[Data extracted from a collection]
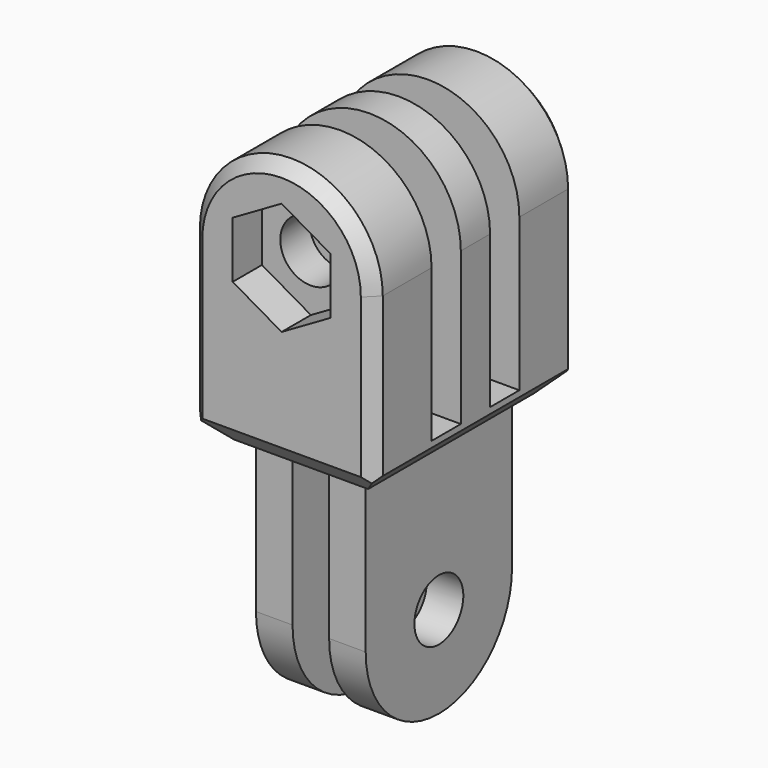
from build123d import *

# Parameters (mm, degrees)
F0_W      = 15
F0_H      = 21
F1_DEPTH  = 1.25
F2_W      = 15
F2_H      = 6
F2_H_2    = 3
F3_DEPTH  = 20
F4_W      = 3
F4_H      = 15
F5_DEPTH  = 20
F6_R      = 2.505
F7_DEPTH  = 25
F8_R      = 2.505
F9_DEPTH  = 25
F10_SIZE  = 2
F11_DEPTH = 3
F12_SIZE  = 2.7
F13_SIZE  = 1


with BuildPart() as f1:
    # F0 (on Top) → F1 (new body, symmetric)
    with BuildSketch(Plane.XY):
        Rectangle(F0_W, F0_H)
    extrude(amount=F1_DEPTH, both=True)

    # F2 (on face) → F3 (join)
    with BuildSketch(Plane.XY.offset(1.25)):
        with Locations((0, -7.5)):
            Rectangle(F2_W, F2_H)
        Rectangle(F2_W, F2_H_2)
        with Locations((0, 7.5)):
            Rectangle(F2_W, F2_H)
    extrude(amount=F3_DEPTH)

    # F4 (on face) → F5 (join)
    with BuildSketch(Plane(origin=(0, 0, -1.25), x_dir=(1, 0, 0), z_dir=(0, 0, -1))):
        with Locations((-3, 0)):
            Rectangle(F4_W, F4_H)
        with Locations((3, 0)):
            Rectangle(F4_W, F4_H)
    extrude(amount=F5_DEPTH)

    # F6 (on face) → F7 (cut)
    with BuildSketch(Plane.XZ.offset(10.5)):
        with BuildLine():
            ThreePointArc((0, 21.25), (5.3033008589, 19.0533008589), (7.5, 13.75))
            Line((7.5, 13.75), (7.5, 21.25))
            Line((7.5, 21.25), (0, 21.25))
        make_face()
        with BuildLine():
            ThreePointArc((-7.5, 13.75), (-5.3033008589, 19.0533008589), (0, 21.25))
            Line((0, 21.25), (-7.5, 21.25))
            Line((-7.5, 21.25), (-7.5, 13.75))
        make_face()
        with Locations((0, 13.75)):
            Circle(F6_R)
    extrude(amount=-F7_DEPTH, mode=Mode.SUBTRACT)

    # F8 (on face) → F9 (cut)
    with BuildSketch(Plane(origin=(-4.5, 0, 0), x_dir=(0, -1, 0), z_dir=(-1, 0, 0))):
        with BuildLine():
            Line((7.5, -21.25), (7.5, -13.75))
            ThreePointArc((7.5, -13.75), (5.3033008589, -19.0533008589), (0, -21.25))
            Line((0, -21.25), (7.5, -21.25))
        make_face()
        with BuildLine():
            ThreePointArc((0, -21.25), (-5.3033008589, -19.0533008589), (-7.5, -13.75))
            Line((-7.5, -13.75), (-7.5, -21.25))
            Line((-7.5, -21.25), (0, -21.25))
        make_face()
        with Locations((0, -13.75)):
            Circle(F8_R)
    extrude(amount=-F9_DEPTH, mode=Mode.SUBTRACT)

    # F10
    f10_edges = [f1.edges().sort_by_distance(p)[0] for p in [
        (-7.5, 0, -1.25),
        (0, 10.5, -1.25),
        (0, -10.5, -1.25),
        (7.5, 0, -1.25),
    ]]
    chamfer(f10_edges, length=F10_SIZE)

    # F6 (on face) → F11 (cut)
    with BuildSketch(Plane.XZ.offset(10.5)):
        Polygon((4.0080889509, 16.0684814631), (-0.0038193698, 18.3803475837), (-4.0119083207, 16.0618661206), (-4.0080889509, 11.4315185369), (0.0038193698, 9.1196524163), (4.0119083207, 11.4381338794), align=None)
        with Locations((0, 13.75)):
            Circle(F6_R, mode=Mode.SUBTRACT)
    extrude(amount=-F11_DEPTH, mode=Mode.SUBTRACT)

    # F12
    f12_edges = [f1.edges().sort_by_distance(p)[0] for p in [
        (-2.505, 10.5, 13.75),
    ]]
    chamfer(f12_edges, length=F12_SIZE)

    # F13
    f13_edges = [f1.edges().sort_by_distance(p)[0] for p in [
        (0, 10.5, 21.25),
        (7.5, 10.5, 7.25),
        (-7.5, 10.5, 7.25),
        (7.5, -10.5, 7.25),
        (-7.5, -10.5, 7.25),
        (0, -10.5, 21.25),
    ]]
    chamfer(f13_edges, length=F13_SIZE)


solid = f1.part
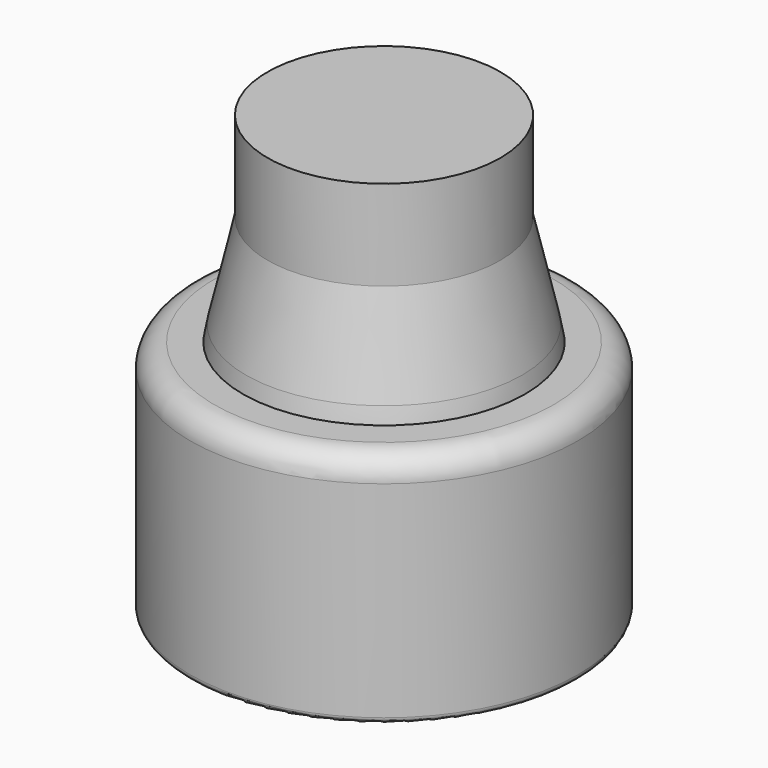
from build123d import *

# Parameters (mm, degrees)
F2_R     = 3.613048962
F3_DEPTH = 7.85
F4_R     = 3.375
F5_DEPTH = 1
F5_TAPER = 70


# Not quite as in the source:
# - an extrude ends at something that could not be found from the text; its depth is read off the source's solid


with BuildPart() as f1:
    # F0 (on Front) → F1 (revolve)
    with BuildSketch(Plane.XZ):
        with BuildLine():
            Line((5.65, 7.85), (3.375, 7.85))
            Line((3.375, 7.85), (3.375, 4.75))
            Line((3.375, 4.75), (1.25, 3.523130678))
            Line((1.25, 3.523130678), (0, 3.523130678))
            Line((0, 3.523130678), (0, 0))
            Line((0, 0), (6.25, 0))
            ThreePointArc((6.25, 0), (6.3914213562, 0.0585786438), (6.45, 0.2))
            Line((6.45, 0.2), (6.45, 7.05))
            ThreePointArc((6.45, 7.05), (6.2156854249, 7.6156854249), (5.65, 7.85))
        make_face()
    revolve(axis=Axis((0, 0, 1.761565339), (0, 0, -1)))

    # F2 (on face) → F3 (join, through all)
    with BuildSketch(Plane.XY.offset(7.85)):
        Circle(F2_R)
        with BuildLine():
            ThreePointArc((-0.6519999327, 2.8747028554), (0, 3.375), (0.6519999327, 2.8747028554))
            Line((0.6519999327, 2.8747028554), (0.6657660801, 2.8233268939))
            ThreePointArc((0.6657660801, 2.8233268939), (1.216024481, 2.1062161843), (2.1121897733, 1.9882337853))
            Line((2.1121897733, 1.9882337853), (2.1635657348, 2.0019999327))
            ThreePointArc((2.1635657348, 2.0019999327), (2.9228357378, 1.6875), (2.8155656675, 0.8727029227))
            Line((2.8155656675, 0.8727029227), (2.7779558534, 0.8350931086))
            ThreePointArc((2.7779558534, 0.8350931086), (2.432048962, 0), (2.7779558534, -0.8350931086))
            Line((2.7779558534, -0.8350931086), (2.8155656675, -0.8727029227))
            ThreePointArc((2.8155656675, -0.8727029227), (2.9228357378, -1.6875), (2.1635657348, -2.0019999327))
            Line((2.1635657348, -2.0019999327), (2.1121897733, -1.9882337853))
            ThreePointArc((2.1121897733, -1.9882337853), (1.216024481, -2.1062161843), (0.6657660801, -2.8233268939))
            Line((0.6657660801, -2.8233268939), (0.6519999327, -2.8747028554))
            ThreePointArc((0.6519999327, -2.8747028554), (0, -3.375), (-0.6519999327, -2.8747028554))
            Line((-0.6519999327, -2.8747028554), (-0.6657660801, -2.8233268939))
            ThreePointArc((-0.6657660801, -2.8233268939), (-1.216024481, -2.1062161843), (-2.1121897733, -1.9882337853))
            Line((-2.1121897733, -1.9882337853), (-2.1635657348, -2.0019999327))
            ThreePointArc((-2.1635657348, -2.0019999327), (-2.9228357378, -1.6875), (-2.8155656675, -0.8727029227))
            Line((-2.8155656675, -0.8727029227), (-2.7779558534, -0.8350931086))
            ThreePointArc((-2.7779558534, -0.8350931086), (-2.432048962, 0), (-2.7779558534, 0.8350931086))
            Line((-2.7779558534, 0.8350931086), (-2.8155656675, 0.8727029227))
            ThreePointArc((-2.8155656675, 0.8727029227), (-2.9228357378, 1.6875), (-2.1635657348, 2.0019999327))
            Line((-2.1635657348, 2.0019999327), (-2.1121897733, 1.9882337853))
            ThreePointArc((-2.1121897733, 1.9882337853), (-1.216024481, 2.1062161843), (-0.6657660801, 2.8233268939))
            Line((-0.6657660801, 2.8233268939), (-0.6519999327, 2.8747028554))
        make_face(mode=Mode.SUBTRACT)
    extrude(amount=-F3_DEPTH)

    # F4 (on face) → F5 (cut)
    with BuildSketch(Plane.XY.offset(7.85)):
        Circle(F4_R)
    extrude(amount=-F5_DEPTH, taper=F5_TAPER, mode=Mode.SUBTRACT)


with BuildPart() as f7:
    # F6 (on Front) → F7 (revolve)
    with BuildSketch(Plane.XZ):
        with BuildLine():
            Line((3.875, 14.5), (0, 14.5))
            Line((0, 14.5), (0, 0))
            Line((0, 0), (3.495, 0))
            Line((3.495, 0), (4.5970197549, 4.7733719814))
            ThreePointArc((4.5970197549, 4.7733719814), (4.8020592366, 6.5729804161), (4.5970197549, 8.3725888509))
            Line((4.5970197549, 8.3725888509), (3.875, 11.5))
            Line((3.875, 11.5), (3.875, 14.5))
        make_face()
    revolve(axis=Axis((0, 0, 7.25), (0, 0, -1)))


with BuildPart() as f9:
    # F8 (on Front) → F9 (revolve)
    with BuildSketch(Plane.XZ):
        with BuildLine():
            Line((0, 7.3151008031), (0, 0))
            Line((0, 0), (5.4641815853, 0))
            ThreePointArc((5.4641815853, 0), (5.8051807653, 0.1343231492), (5.9629636104, 0.4651217631))
            Line((5.9629636104, 0.4651217631), (6.3226162816, 5.6083945828))
            ThreePointArc((6.3226162816, 5.6083945828), (6.3215840066, 6.4599817167), (6.2, 7.3028453127))
            ThreePointArc((6.2, 7.3028453127), (6.0352373223, 7.577508433), (5.7376039765, 7.6958340895))
            Line((5.7376039765, 7.6958340895), (3.75, 7.8))
            Line((3.75, 7.8), (1, 7.3151008031))
            Line((1, 7.3151008031), (0, 7.3151008031))
        make_face()
    revolve(axis=Axis((0, 0, 3.6575504015), (0, 0, 1)))


solid = Compound([f1.part, f7.part, f9.part])

[What is needed]:
Search the data above for "revolve" and copy every line where it turns up.

[Completed exercise]:
    # F0 (on Front) → F1 (revolve)
    revolve(axis=Axis((0, 0, 1.761565339), (0, 0, -1)))
    # F6 (on Front) → F7 (revolve)
    revolve(axis=Axis((0, 0, 7.25), (0, 0, -1)))
    # F8 (on Front) → F9 (revolve)
    revolve(axis=Axis((0, 0, 3.6575504015), (0, 0, 1)))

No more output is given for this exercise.